Despite attempts to effect a synthesis between the two languages, however, the scholastic style has continued to have a profound influence on modern Tamil literature; the normal spoken language, in fact, never became a literary medium.

The first novel in Tamil appeared in 1879, the Piratapamutaliyar Carittiram, by Vetanayakam Pillai, who was inspired by English and French novels. In important respects Pillai's work is typical of all early modern Tamil fiction: his subject matter is Tamil life as he observed it, the language is scholastic, and the inspiration comes from foreign sources.

Not strictly a novel, his work, which has a predominantly moral tone, is a loosely gathered string of narratives centred around an innocent hero.Quite different is the Kamalampal Carittiram ("The Fatal Rumor"), by Rajam Aiyar, whom many judge to be the most important prose writer of 19th-century Tamil literature. In this work, the author created a series of characters that appear to have become classics; the story is a romance, yet life in rural Tamil country is treated very realistically, with humour, irony, and social satire. In language Aiyar follows the classical style, which he intermixes with informal conversation, a style that has been imitated by modern authors.

The turn of the century saw the development of the centamil style, which in many respects is a continuation of the medieval commentarial style. The best representative is V.V. Swaminathan, who also is responsible for the rediscovery of the Tamil classical legacy, usually called "Tamil Renaissance," which tended to direct the mood of writers back to the glorious past. The pride in Tamil subsequently gave rise to a purist tradition and a second style, called tuyattamil, or "pure Tamil." With exaggerated Tamilian self-consciousness, the language was purged of all non-Tamil loanwords, particularly Sanskrit, which removed the literary language even further from the spoken one. This style was not ineffective in verse but led easily to rhetoric.

The purist trend brought forth a reaction in putumanipravala natai, "the new manipravala" (see above Dravidian literature: 1st-19th century), which was Sanskritized with a vengeance and is of little literary interest.

The scholastic and formalist character of Tamil prose was predominant in the literature until the advent, in the early 20th century, of the poet and prose writer Subrahmanya Bharati. Bharati sought to synthesize the popular and the scholastic traditions of Tamil literature, and he created thereby a Tamil that was amenable to all literary expression. This synthesis, however, did not extend to the literary language itself, which in grammar continued the formal language, though for syntax, vocabulary, etc., he drew upon colloquial speech. In doing so he saved the language from the Sanskrit tradition of Purana writing. His style is the marumalarcci natai, the "renaissance style."
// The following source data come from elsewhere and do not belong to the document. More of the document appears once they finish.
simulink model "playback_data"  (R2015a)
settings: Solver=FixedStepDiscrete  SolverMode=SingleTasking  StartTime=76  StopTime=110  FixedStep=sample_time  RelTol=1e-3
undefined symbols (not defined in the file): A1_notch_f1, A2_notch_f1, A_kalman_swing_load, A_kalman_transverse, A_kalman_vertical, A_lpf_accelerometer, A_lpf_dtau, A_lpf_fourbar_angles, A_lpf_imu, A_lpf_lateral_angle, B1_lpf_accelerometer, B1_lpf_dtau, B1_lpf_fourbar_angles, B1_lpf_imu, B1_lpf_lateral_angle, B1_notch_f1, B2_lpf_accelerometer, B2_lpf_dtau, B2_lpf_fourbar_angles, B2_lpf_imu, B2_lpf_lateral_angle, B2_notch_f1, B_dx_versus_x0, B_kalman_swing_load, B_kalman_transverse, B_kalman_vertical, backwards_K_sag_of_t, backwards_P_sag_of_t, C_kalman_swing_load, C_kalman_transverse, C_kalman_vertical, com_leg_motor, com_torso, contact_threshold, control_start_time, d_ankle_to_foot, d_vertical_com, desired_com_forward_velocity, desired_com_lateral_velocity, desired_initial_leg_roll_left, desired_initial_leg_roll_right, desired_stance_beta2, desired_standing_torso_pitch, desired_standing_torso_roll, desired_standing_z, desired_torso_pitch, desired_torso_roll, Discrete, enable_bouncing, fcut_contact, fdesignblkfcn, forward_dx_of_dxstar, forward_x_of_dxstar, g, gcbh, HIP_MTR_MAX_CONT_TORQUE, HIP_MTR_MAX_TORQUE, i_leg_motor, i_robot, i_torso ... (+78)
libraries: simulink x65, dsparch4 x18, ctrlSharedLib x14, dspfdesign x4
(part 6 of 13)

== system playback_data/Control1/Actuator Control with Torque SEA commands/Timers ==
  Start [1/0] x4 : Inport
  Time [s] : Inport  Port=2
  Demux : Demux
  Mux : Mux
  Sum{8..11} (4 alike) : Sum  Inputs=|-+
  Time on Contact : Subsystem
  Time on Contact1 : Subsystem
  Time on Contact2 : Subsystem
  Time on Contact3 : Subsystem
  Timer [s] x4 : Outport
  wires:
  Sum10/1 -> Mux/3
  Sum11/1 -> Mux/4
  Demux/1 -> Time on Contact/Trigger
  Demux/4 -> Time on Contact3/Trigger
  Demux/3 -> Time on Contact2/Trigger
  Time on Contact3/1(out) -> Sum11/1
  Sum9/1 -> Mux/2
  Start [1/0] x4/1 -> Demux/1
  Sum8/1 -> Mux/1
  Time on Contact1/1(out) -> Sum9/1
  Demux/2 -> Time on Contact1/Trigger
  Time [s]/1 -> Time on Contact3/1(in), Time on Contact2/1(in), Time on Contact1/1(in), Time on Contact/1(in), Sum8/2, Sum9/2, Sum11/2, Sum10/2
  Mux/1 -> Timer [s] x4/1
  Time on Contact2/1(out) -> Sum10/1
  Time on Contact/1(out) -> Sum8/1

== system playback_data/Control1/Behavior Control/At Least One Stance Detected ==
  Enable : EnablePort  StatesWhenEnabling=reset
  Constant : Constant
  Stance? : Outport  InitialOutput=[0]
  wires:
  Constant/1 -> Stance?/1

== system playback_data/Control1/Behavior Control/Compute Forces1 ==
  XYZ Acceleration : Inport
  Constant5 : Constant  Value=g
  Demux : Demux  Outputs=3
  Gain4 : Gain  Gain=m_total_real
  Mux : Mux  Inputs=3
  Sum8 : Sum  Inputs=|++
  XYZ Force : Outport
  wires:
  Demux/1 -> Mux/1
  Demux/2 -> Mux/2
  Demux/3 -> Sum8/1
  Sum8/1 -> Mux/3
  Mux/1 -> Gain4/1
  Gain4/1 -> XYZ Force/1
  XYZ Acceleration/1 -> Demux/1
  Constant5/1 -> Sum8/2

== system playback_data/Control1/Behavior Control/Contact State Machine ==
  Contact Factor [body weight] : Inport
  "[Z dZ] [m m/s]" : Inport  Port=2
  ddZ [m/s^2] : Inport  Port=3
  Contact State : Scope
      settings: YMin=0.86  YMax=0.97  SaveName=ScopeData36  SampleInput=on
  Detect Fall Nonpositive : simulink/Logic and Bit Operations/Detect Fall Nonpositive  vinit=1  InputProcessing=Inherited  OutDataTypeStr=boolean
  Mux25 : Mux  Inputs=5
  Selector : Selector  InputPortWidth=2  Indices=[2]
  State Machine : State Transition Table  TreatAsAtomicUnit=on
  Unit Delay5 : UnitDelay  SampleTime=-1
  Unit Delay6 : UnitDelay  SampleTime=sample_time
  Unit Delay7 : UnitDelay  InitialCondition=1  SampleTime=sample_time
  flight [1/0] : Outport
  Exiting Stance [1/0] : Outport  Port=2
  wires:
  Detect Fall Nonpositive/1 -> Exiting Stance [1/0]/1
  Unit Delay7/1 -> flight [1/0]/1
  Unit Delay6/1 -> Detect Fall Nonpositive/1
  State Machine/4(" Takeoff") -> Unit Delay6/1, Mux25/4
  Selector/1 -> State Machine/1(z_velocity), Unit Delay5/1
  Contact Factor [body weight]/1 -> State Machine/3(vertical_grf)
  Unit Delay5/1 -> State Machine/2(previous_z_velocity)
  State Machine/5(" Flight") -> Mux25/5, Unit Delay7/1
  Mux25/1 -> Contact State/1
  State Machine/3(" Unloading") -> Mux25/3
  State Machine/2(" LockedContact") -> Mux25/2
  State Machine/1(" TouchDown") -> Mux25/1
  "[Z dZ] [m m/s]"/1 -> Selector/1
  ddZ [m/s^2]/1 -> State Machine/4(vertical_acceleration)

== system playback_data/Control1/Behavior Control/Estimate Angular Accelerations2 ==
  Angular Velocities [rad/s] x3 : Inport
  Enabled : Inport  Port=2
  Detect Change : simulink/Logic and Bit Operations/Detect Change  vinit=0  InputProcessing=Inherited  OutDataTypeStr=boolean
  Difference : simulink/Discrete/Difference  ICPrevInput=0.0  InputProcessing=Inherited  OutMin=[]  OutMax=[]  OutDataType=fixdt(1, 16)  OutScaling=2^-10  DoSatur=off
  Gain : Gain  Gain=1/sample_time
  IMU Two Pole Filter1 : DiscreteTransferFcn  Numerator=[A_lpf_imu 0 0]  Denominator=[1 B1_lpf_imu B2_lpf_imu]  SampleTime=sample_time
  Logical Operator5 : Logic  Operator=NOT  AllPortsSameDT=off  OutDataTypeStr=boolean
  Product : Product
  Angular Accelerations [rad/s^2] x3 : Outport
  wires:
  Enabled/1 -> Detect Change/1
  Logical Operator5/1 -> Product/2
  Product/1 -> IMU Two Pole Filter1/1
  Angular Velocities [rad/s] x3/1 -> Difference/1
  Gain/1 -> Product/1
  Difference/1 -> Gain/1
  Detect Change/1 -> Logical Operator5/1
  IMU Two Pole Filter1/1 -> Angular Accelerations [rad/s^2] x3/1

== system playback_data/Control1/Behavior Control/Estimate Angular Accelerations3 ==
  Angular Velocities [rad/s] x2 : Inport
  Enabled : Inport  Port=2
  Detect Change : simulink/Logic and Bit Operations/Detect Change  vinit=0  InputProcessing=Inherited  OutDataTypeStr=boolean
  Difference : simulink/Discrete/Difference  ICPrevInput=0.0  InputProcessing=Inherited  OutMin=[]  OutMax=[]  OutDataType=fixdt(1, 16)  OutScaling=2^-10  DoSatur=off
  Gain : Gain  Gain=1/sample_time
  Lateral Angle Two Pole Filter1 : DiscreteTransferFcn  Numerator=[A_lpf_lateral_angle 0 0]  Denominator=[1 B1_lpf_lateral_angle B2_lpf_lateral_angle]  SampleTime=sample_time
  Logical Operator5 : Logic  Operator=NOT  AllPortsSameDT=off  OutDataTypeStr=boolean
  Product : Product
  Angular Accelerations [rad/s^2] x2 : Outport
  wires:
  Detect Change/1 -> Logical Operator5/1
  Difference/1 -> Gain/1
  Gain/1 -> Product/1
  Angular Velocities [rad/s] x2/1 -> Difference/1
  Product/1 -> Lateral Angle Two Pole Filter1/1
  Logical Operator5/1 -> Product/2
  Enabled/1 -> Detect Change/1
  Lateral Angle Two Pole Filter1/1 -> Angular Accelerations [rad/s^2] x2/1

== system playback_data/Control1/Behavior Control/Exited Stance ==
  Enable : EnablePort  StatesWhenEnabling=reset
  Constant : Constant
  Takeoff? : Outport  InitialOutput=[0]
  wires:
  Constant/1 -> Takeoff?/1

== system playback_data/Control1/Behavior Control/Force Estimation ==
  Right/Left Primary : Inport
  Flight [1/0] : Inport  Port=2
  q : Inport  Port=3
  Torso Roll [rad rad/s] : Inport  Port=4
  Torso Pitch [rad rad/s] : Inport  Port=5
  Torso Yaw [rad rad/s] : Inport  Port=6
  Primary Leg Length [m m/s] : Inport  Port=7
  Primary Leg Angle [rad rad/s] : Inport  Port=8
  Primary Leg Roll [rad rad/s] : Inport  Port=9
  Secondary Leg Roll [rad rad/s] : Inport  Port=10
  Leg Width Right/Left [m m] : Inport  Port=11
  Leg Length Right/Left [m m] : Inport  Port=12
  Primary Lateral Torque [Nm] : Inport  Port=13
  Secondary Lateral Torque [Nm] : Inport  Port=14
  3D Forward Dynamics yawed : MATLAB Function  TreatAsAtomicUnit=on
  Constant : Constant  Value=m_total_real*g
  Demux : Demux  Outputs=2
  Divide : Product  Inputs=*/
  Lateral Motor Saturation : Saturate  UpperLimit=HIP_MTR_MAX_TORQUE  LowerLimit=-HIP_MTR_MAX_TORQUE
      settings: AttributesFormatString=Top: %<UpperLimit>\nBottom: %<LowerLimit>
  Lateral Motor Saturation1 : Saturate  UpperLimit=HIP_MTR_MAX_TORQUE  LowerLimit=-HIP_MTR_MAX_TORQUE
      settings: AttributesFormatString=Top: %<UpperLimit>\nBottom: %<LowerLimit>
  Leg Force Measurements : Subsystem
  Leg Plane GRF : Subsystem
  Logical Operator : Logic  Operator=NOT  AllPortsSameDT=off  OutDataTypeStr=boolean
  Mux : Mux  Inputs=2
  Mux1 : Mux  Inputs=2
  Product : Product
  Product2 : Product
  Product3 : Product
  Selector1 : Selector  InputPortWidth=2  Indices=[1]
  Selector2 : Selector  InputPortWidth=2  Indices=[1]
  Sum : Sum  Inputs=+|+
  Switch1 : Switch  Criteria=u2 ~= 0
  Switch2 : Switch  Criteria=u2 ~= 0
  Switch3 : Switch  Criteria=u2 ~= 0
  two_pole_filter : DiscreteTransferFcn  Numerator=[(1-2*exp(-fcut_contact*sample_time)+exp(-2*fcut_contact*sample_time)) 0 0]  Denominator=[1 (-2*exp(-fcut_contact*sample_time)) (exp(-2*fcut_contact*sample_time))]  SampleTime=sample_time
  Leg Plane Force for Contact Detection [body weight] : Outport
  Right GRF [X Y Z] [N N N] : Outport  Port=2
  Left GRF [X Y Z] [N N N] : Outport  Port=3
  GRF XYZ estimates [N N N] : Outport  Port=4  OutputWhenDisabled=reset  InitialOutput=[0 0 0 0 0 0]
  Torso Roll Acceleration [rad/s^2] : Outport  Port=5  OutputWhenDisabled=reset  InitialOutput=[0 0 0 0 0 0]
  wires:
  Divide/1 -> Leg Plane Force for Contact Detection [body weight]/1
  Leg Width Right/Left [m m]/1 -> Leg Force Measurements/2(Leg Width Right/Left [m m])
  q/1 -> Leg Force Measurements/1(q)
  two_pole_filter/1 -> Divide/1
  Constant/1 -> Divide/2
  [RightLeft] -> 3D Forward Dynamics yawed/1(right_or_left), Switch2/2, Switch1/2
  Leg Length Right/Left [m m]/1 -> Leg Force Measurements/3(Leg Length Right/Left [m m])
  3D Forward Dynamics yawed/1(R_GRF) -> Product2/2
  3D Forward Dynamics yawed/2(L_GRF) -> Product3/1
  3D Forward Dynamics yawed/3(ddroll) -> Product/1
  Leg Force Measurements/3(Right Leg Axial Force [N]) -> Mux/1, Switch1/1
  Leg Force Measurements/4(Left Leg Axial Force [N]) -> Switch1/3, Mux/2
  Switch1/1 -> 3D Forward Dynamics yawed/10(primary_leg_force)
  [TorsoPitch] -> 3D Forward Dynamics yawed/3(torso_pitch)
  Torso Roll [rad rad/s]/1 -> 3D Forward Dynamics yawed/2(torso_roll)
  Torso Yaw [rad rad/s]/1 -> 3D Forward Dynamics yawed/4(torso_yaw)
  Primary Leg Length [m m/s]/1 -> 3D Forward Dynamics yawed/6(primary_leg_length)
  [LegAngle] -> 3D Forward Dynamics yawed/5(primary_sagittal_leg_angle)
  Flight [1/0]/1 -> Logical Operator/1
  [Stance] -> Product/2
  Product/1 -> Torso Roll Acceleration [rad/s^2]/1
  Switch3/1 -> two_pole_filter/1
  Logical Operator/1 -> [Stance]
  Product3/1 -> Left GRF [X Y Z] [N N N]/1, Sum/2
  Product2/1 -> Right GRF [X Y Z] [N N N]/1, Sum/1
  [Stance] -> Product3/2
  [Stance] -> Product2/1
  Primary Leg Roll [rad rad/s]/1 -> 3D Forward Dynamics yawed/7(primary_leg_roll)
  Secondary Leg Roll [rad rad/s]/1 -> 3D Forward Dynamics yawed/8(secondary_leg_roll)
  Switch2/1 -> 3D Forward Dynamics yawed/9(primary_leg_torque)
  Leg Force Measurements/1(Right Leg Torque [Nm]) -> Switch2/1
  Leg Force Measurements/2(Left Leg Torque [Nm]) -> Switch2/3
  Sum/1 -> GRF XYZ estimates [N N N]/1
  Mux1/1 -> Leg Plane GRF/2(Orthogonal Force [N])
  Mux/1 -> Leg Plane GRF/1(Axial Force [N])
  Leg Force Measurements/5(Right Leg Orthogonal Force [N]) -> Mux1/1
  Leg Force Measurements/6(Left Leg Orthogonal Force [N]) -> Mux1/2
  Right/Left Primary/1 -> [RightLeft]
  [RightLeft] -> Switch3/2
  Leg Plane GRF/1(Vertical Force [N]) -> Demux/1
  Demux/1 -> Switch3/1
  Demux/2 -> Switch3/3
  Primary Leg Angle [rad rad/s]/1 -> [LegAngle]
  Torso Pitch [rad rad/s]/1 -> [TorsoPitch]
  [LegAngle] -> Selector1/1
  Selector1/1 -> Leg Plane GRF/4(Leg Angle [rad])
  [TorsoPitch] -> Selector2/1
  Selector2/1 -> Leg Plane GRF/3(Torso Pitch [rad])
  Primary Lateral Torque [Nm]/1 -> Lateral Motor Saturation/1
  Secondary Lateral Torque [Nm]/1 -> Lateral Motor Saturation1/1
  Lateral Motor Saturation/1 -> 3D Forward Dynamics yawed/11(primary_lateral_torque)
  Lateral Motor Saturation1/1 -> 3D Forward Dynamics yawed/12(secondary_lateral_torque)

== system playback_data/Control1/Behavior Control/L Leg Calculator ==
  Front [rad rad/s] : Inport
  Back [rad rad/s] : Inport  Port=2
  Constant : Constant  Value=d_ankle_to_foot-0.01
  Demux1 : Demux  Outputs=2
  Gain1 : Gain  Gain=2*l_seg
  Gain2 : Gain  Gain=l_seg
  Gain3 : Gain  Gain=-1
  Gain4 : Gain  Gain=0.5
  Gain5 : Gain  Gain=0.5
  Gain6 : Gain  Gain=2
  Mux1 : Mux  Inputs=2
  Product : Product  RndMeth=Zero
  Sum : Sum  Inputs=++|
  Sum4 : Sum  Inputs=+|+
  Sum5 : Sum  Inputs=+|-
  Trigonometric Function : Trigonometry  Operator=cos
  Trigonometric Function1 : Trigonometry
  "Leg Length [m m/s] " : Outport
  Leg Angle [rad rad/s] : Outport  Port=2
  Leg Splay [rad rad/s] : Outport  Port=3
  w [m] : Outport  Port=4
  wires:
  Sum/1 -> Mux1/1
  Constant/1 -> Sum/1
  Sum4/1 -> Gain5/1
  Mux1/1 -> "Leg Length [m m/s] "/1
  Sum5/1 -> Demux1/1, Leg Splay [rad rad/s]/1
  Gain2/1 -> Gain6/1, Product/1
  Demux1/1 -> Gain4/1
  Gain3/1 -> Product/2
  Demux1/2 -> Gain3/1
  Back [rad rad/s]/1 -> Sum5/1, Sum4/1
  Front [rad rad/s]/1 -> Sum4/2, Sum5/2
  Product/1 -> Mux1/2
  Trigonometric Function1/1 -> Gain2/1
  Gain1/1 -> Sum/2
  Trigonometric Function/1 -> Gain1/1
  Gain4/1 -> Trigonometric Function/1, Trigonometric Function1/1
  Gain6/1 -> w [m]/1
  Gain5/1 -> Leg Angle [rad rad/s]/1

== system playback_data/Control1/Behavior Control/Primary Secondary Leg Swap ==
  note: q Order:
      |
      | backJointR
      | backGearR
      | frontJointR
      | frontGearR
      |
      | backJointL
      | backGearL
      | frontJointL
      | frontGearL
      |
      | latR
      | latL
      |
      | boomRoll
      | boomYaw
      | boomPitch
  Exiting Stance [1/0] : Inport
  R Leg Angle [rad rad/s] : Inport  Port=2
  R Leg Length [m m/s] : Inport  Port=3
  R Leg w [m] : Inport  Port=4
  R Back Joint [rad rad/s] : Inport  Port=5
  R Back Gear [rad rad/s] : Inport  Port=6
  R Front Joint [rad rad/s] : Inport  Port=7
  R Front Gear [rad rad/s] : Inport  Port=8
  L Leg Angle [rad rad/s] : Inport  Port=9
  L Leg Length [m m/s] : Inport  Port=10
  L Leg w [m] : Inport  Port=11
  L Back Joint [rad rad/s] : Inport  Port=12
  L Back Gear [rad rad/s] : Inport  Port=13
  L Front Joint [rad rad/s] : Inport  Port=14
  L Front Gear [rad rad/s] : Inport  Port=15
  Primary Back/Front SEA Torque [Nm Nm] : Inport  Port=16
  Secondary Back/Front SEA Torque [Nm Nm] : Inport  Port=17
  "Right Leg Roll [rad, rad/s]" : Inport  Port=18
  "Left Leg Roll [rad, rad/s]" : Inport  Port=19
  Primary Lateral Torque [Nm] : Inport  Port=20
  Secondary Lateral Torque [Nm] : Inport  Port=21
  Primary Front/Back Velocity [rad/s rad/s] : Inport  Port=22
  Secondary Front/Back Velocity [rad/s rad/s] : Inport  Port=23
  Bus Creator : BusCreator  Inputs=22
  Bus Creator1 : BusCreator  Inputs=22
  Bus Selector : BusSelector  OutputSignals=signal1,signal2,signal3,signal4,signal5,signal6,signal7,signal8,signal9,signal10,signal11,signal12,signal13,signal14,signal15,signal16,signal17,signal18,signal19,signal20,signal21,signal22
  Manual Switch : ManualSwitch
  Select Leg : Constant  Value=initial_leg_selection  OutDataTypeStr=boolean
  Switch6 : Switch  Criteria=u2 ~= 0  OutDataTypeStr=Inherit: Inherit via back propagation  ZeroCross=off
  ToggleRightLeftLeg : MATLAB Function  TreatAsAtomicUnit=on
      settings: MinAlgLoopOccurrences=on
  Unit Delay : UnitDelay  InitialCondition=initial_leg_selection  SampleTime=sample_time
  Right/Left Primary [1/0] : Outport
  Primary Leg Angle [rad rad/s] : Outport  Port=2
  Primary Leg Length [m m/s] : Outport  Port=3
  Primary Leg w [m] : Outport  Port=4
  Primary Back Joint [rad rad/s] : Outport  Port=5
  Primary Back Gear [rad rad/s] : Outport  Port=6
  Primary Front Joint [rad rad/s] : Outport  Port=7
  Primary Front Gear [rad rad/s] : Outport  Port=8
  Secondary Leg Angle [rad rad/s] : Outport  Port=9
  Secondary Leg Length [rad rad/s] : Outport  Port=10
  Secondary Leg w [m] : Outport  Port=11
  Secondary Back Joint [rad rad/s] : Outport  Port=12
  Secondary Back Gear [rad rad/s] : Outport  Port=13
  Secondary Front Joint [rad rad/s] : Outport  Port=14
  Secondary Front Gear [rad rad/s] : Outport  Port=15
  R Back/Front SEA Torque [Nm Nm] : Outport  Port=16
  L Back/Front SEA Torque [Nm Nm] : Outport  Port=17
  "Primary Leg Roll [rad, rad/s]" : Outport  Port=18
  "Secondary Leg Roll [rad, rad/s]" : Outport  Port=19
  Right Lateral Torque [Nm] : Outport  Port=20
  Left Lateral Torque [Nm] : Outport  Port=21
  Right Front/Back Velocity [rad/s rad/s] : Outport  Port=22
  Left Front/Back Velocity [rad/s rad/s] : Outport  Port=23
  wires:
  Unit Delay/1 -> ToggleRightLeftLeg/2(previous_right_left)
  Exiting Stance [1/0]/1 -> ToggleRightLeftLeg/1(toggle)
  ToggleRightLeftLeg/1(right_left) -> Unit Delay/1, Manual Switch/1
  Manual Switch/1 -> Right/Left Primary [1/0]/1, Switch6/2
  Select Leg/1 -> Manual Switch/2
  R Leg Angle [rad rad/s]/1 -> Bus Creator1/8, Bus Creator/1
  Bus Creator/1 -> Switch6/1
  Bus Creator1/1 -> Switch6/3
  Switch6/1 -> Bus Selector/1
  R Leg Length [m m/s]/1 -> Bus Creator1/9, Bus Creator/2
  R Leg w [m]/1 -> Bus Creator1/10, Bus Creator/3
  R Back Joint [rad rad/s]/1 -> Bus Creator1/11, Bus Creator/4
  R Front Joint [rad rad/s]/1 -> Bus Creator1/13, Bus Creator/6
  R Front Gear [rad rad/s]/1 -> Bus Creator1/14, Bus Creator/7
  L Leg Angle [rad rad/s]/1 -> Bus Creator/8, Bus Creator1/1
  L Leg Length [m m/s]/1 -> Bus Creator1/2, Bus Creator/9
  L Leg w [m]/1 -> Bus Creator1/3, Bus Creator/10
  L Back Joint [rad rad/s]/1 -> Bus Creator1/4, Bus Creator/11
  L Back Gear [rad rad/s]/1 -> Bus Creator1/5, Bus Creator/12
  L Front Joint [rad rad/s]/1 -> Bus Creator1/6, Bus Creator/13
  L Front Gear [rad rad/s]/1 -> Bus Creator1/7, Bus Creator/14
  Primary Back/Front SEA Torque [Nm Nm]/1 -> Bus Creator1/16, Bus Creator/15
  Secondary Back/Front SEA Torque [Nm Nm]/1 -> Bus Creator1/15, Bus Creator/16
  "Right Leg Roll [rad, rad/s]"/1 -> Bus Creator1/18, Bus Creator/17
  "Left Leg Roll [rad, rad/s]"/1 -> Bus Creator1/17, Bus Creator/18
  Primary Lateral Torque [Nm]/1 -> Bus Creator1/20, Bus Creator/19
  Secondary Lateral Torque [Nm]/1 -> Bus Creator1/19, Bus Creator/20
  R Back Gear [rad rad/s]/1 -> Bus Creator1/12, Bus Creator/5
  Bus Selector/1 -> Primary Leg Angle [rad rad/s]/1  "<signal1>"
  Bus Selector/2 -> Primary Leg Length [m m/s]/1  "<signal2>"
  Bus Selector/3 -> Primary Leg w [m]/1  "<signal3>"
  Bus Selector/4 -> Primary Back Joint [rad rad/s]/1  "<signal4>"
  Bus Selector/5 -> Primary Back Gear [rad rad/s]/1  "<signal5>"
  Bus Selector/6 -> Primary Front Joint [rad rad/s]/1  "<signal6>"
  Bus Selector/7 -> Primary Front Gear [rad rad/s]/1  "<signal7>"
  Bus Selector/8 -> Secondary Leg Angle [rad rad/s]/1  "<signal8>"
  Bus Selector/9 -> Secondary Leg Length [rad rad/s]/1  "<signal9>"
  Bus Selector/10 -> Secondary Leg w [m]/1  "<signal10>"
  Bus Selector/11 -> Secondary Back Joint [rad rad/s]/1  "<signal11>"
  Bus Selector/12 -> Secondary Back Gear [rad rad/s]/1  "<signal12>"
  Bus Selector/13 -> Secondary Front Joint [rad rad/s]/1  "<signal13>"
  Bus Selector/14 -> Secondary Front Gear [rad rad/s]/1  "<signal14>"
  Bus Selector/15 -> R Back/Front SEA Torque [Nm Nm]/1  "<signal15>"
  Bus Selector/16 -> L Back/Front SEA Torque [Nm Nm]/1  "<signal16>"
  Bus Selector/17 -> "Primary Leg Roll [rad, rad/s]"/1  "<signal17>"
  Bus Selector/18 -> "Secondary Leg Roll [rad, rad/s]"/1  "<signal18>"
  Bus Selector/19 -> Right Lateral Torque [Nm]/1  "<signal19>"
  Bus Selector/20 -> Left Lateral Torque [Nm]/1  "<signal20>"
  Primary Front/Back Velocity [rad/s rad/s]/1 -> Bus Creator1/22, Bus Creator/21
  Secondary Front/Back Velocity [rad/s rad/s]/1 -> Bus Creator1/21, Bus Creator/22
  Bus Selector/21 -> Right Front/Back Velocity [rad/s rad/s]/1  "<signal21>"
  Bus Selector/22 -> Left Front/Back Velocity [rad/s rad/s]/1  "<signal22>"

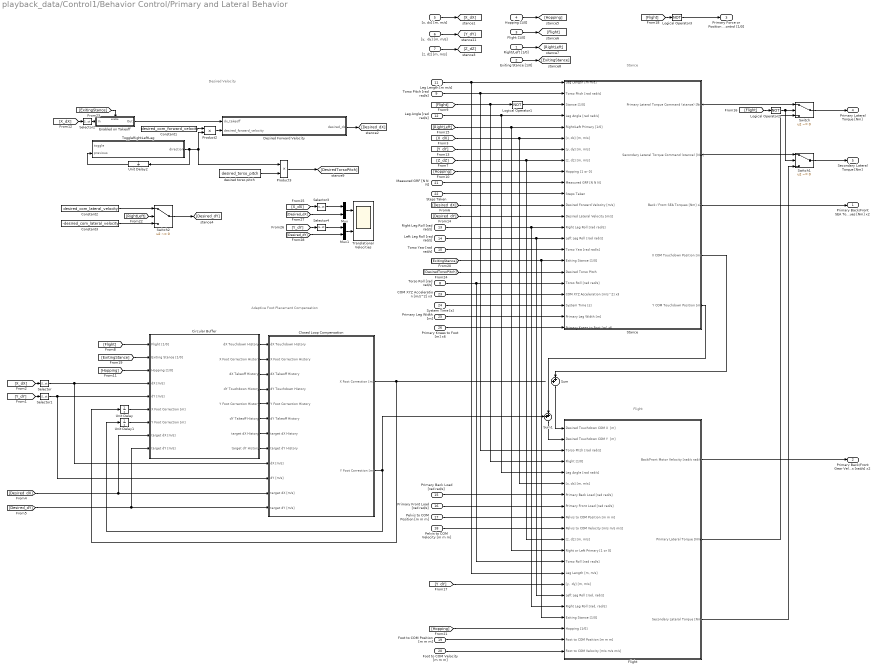
== system playback_data/Control1/Behavior Control/Primary and Lateral Behavior ==
  note: Stance
  note: Flight
  note: Adaptive Foot Placement Compensation
  note: Desired Velocity
  Right/Left [1/0] : Inport
  Exiting Stance [1/0] : Inport  Port=2
  Flight [1/0] : Inport  Port=3
  Hopping [1/0] : Inport  Port=4
  "[x, dx] [m, m/s]" : Inport  Port=5
  "[y,  dy] [m, m/s]" : Inport  Port=6
  "[z, dz] [m, m/s]" : Inport  Port=7
  Torso Roll [rad rad/s] : Inport  Port=8
  Torso Pitch [rad rad/s] : Inport  Port=9
  Torso Yaw [rad rad/s] : Inport  Port=10
  Leg Length [m m/s] : Inport  Port=11
  Leg Angle [rad rad/s] : Inport  Port=12
  Right Leg Roll [rad rad/s] : Inport  Port=13
  Left Leg Roll [rad rad/s] : Inport  Port=14
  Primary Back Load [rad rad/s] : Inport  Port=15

In the first half of the 20th century, R. Krishnamurthy was an immensely popular writer. Under the pseudonym Kalki, he was an influential journalist who wrote voluminous historical romances.In the 1930s there was a literary movement inspired by a journal called Manikkoti. Writers in this movement contributed extremely important new works, both in verse and prose, to Tamil letters. Among them was Putumaippittan, who wrote realistically, critically, and even bitterly about the failings of society.

Contemporary literature is represented by T. Janakiraman, who writes novels, short stories, and plays with themes from urban Tamil middle-class family life; Jayakanthan, a sharp and passionate writer, with a tendency to shock his readers; and L.S. Ramatirthan, probably the finest stylist at work in Tamil today, who started by writing in English.